# What you are asked to do:
Starting at the first line of the entries below, please return exactly each line up to and including the one with "[picture b1s1: schematic main_board.sch]"; pictures stay out.

# Given records:

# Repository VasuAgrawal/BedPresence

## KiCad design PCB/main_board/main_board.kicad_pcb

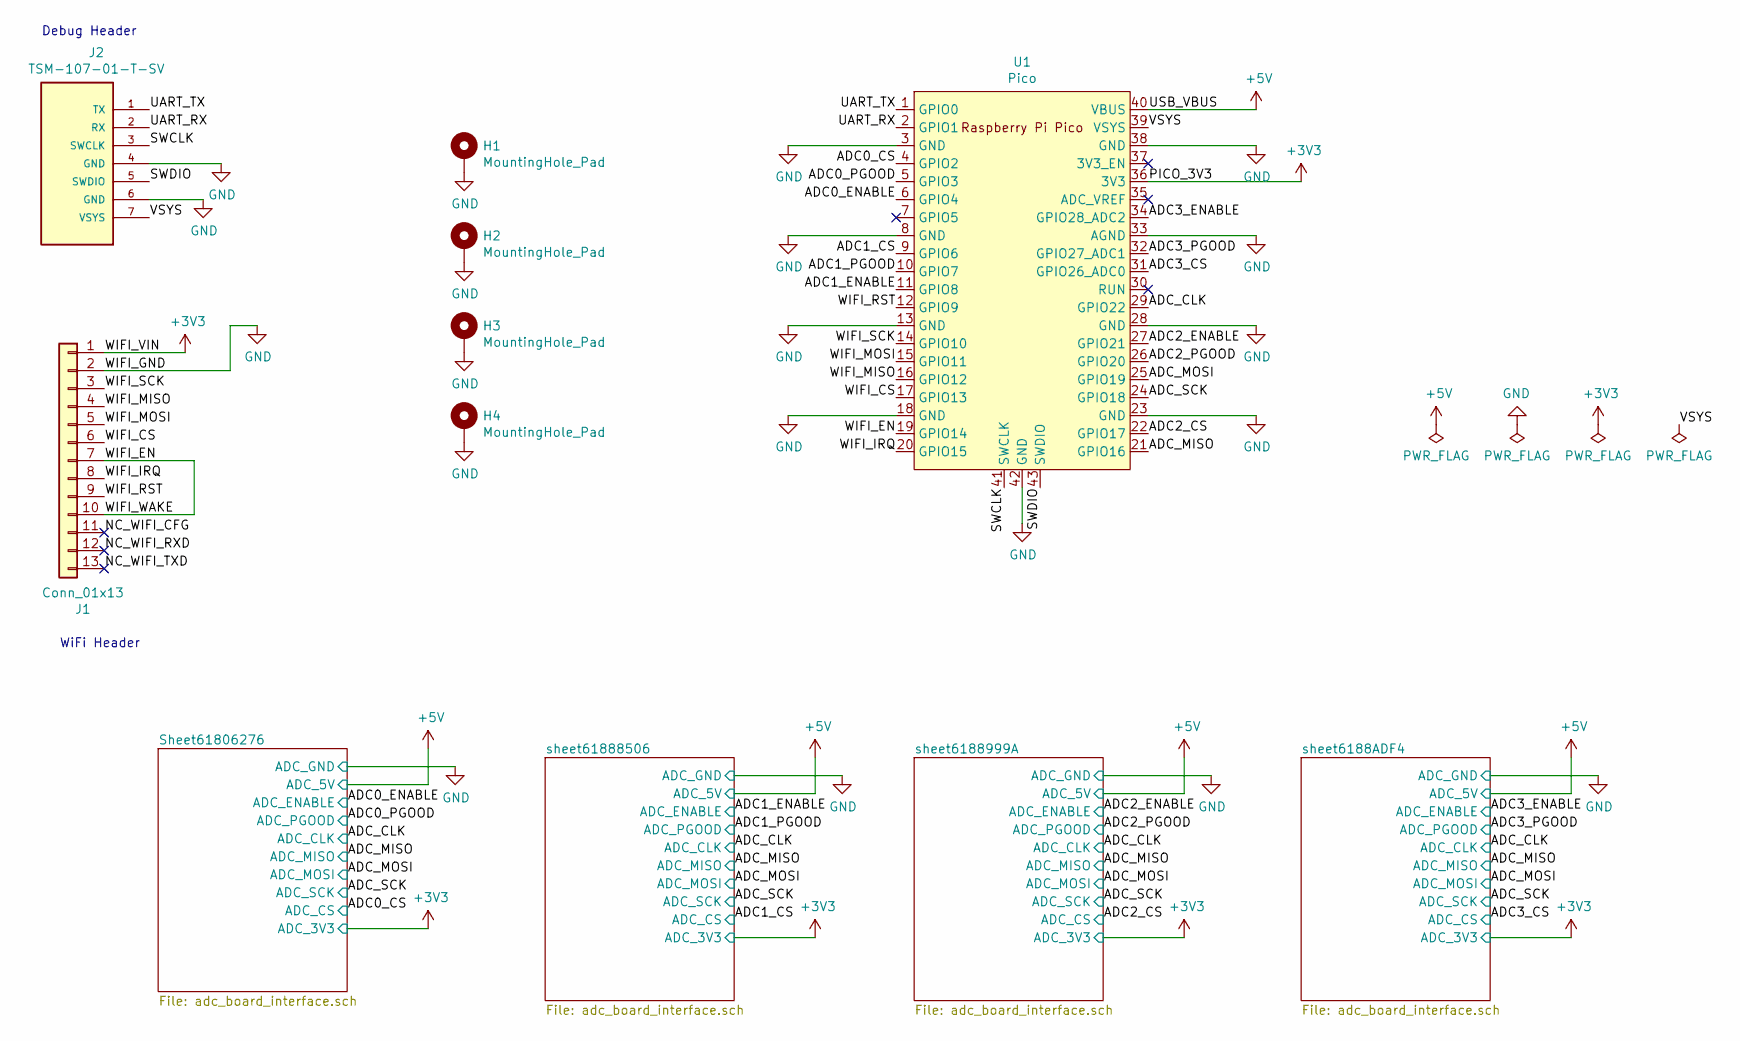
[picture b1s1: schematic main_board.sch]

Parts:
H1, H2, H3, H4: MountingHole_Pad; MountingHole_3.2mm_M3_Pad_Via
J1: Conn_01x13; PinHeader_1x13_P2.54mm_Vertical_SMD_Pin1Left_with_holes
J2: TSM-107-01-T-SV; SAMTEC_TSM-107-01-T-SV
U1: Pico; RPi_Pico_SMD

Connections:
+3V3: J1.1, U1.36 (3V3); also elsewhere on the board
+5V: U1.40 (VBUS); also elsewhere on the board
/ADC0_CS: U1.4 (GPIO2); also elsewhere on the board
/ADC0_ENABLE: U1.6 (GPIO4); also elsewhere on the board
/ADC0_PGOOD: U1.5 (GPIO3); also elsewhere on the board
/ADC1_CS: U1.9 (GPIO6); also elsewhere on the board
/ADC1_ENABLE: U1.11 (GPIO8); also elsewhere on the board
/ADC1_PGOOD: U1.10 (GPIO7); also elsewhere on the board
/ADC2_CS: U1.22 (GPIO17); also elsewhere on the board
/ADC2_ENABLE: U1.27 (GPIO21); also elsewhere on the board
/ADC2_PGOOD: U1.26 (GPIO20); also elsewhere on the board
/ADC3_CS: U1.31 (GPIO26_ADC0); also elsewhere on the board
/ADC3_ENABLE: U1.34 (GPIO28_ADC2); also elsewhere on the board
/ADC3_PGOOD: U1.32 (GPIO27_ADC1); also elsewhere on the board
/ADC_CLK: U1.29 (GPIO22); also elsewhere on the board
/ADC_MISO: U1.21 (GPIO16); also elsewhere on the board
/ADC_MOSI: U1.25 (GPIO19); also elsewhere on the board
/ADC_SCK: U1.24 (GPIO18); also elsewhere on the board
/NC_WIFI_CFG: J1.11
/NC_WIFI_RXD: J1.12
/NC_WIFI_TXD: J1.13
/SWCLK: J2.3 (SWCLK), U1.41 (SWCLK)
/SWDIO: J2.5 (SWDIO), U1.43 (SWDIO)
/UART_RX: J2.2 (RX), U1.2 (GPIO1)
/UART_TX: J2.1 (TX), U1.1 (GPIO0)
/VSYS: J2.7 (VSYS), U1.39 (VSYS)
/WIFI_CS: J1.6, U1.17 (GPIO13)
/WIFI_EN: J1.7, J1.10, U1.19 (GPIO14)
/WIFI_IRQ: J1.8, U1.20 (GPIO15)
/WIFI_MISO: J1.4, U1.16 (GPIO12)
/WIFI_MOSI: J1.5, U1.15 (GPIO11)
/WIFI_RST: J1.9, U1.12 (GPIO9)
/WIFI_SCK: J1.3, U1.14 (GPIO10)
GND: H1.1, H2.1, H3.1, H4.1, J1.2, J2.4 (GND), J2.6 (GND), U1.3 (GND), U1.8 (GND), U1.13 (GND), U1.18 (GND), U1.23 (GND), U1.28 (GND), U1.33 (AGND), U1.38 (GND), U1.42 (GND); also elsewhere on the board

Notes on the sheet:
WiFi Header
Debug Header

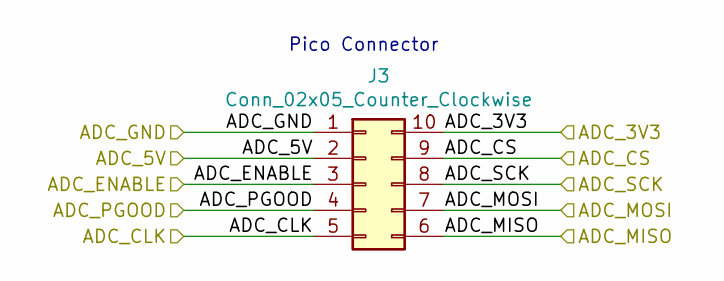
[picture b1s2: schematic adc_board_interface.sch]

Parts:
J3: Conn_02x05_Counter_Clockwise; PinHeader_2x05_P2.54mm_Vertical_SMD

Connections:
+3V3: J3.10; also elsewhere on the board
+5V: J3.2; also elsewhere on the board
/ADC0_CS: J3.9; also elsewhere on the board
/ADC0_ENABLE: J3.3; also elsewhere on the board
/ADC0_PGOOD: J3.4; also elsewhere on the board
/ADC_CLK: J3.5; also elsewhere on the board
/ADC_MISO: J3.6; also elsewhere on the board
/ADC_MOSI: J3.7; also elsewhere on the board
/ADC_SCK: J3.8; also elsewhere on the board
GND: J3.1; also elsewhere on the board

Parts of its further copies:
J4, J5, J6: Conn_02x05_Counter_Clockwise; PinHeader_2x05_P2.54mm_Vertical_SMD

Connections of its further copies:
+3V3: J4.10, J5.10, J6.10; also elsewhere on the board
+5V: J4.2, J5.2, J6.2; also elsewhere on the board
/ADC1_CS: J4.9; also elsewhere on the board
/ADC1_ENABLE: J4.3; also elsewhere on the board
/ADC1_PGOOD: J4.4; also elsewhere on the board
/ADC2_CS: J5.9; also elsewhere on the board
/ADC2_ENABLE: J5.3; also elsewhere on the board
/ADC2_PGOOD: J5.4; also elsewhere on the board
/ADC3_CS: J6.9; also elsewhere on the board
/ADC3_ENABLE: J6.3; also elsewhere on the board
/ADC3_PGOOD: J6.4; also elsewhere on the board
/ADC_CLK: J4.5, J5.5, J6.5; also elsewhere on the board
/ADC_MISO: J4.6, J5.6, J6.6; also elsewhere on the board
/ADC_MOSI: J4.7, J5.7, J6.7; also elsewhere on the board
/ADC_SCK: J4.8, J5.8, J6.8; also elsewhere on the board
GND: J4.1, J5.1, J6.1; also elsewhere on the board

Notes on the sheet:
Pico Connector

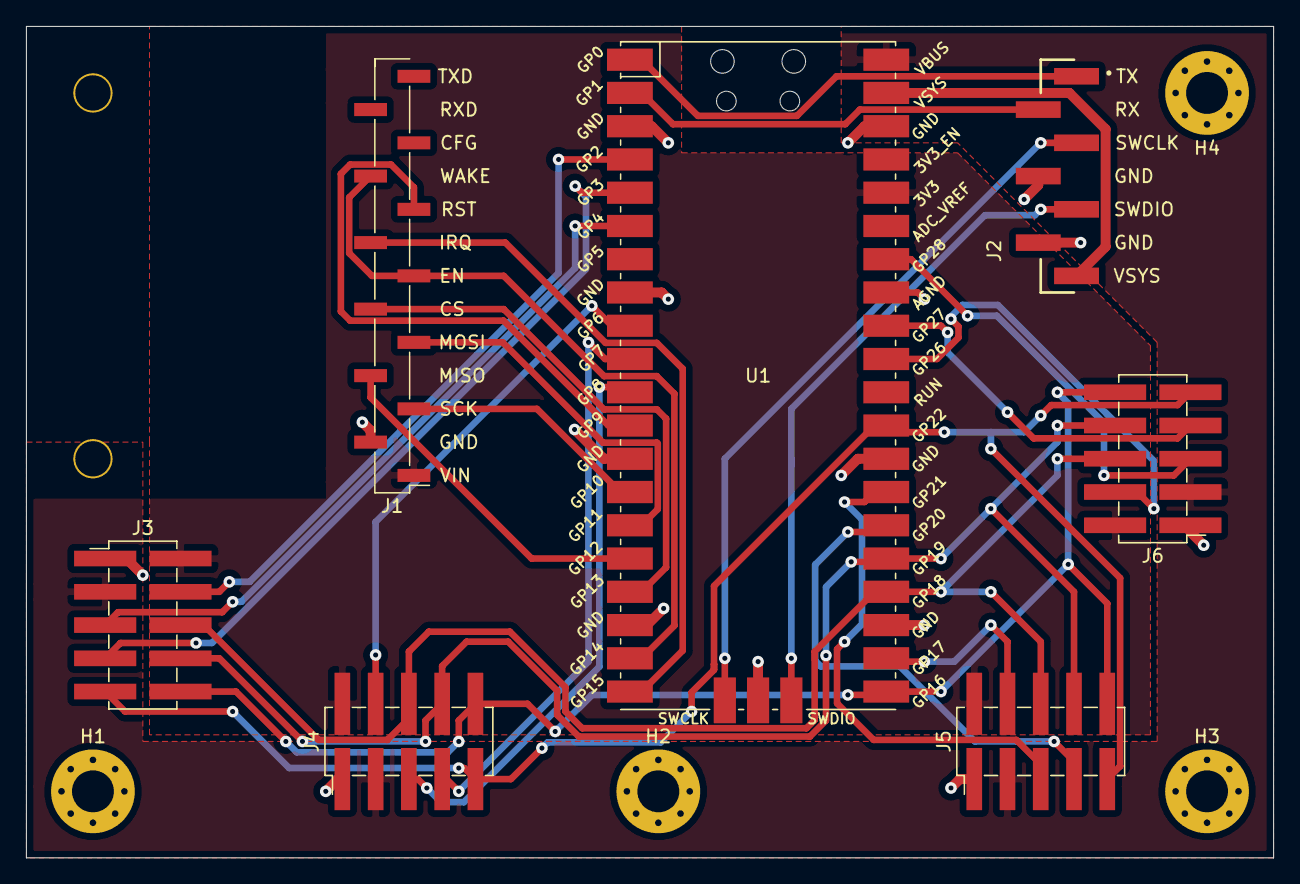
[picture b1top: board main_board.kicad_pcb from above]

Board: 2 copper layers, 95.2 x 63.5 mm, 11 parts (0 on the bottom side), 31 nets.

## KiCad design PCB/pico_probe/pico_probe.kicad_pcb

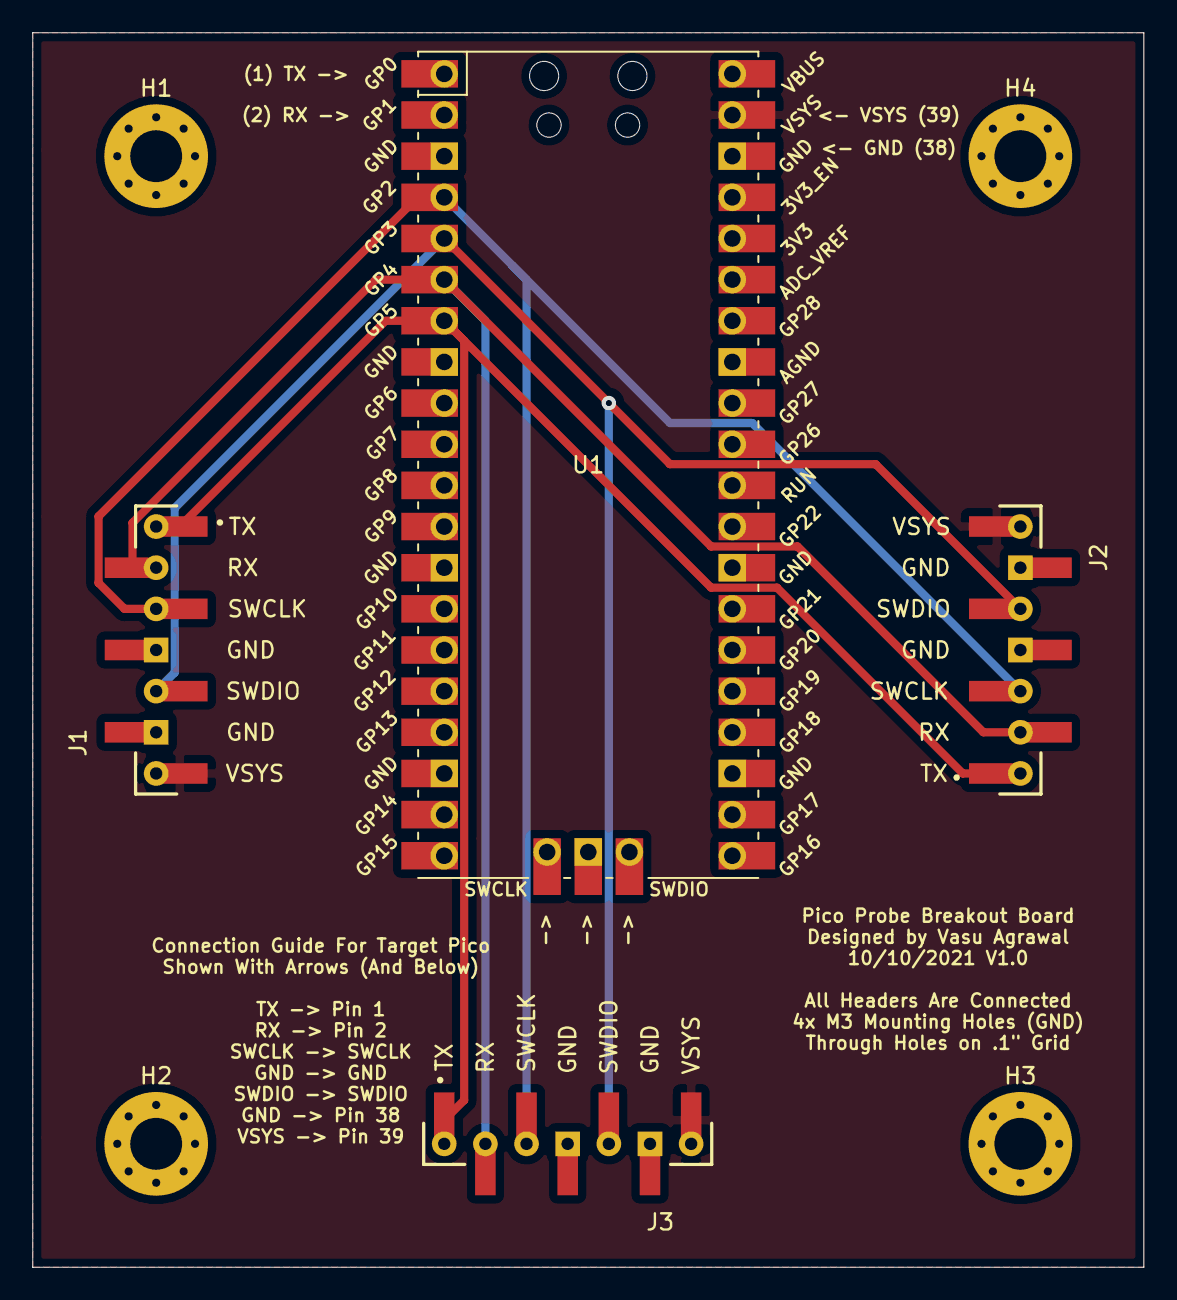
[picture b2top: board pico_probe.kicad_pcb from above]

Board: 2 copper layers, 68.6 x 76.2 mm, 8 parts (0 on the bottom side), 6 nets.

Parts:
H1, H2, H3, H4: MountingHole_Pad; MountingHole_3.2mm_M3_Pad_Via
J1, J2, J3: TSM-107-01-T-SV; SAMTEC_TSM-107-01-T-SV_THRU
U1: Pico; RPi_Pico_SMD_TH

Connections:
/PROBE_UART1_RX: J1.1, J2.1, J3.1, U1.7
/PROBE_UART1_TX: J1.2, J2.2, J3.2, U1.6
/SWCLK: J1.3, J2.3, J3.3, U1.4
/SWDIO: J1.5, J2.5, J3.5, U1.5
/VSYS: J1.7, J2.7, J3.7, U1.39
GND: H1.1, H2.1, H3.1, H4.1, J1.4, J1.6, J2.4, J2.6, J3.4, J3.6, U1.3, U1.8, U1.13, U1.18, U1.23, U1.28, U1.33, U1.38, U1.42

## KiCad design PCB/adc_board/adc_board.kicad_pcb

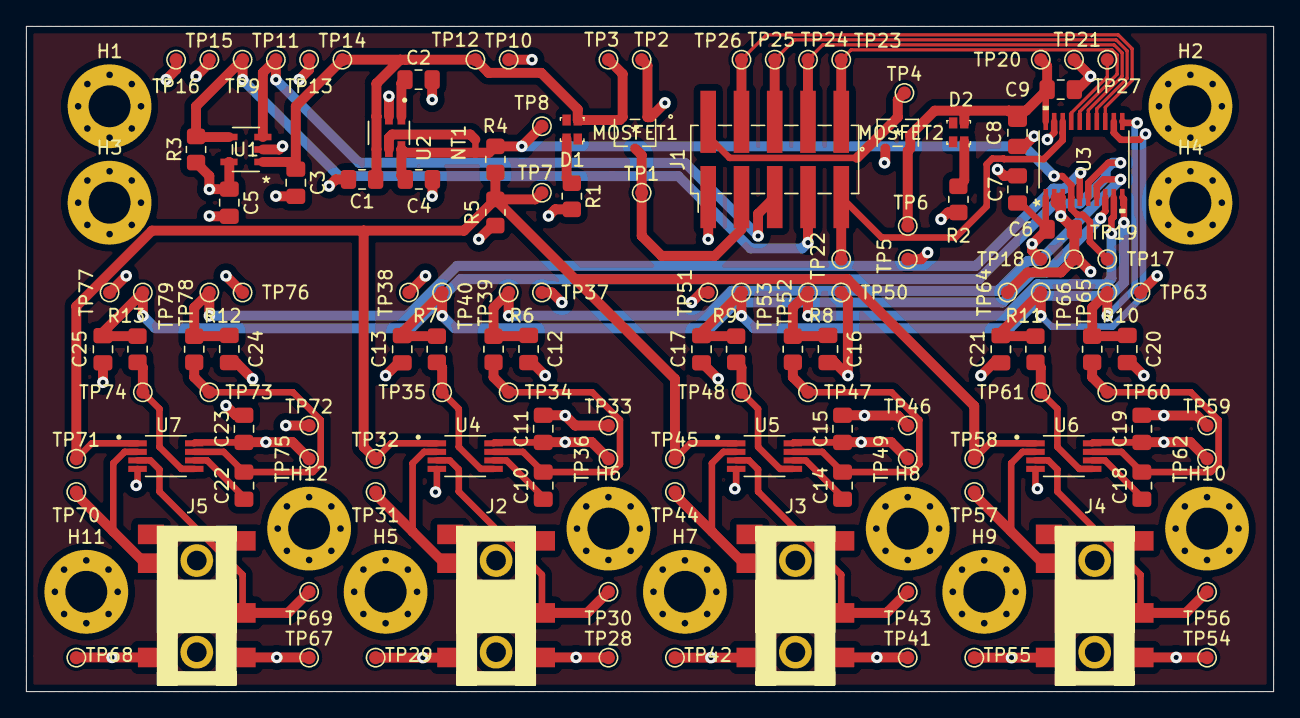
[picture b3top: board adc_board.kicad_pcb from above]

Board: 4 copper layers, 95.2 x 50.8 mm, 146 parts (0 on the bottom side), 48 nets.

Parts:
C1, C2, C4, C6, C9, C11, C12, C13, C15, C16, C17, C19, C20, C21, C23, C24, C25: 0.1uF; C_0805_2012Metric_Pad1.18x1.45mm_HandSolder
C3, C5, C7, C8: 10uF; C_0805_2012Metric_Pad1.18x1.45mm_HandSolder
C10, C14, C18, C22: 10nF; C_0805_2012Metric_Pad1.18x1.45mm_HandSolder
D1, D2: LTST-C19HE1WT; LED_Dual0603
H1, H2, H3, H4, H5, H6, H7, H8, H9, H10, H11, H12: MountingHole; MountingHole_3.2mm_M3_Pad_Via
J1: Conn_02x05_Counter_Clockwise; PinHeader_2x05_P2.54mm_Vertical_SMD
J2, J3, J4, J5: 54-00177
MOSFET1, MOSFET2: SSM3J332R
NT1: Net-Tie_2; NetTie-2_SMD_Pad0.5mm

# Response for this exercise:
# Repository VasuAgrawal/BedPresence

## KiCad design PCB/main_board/main_board.kicad_pcb

[picture b1s1: schematic main_board.sch]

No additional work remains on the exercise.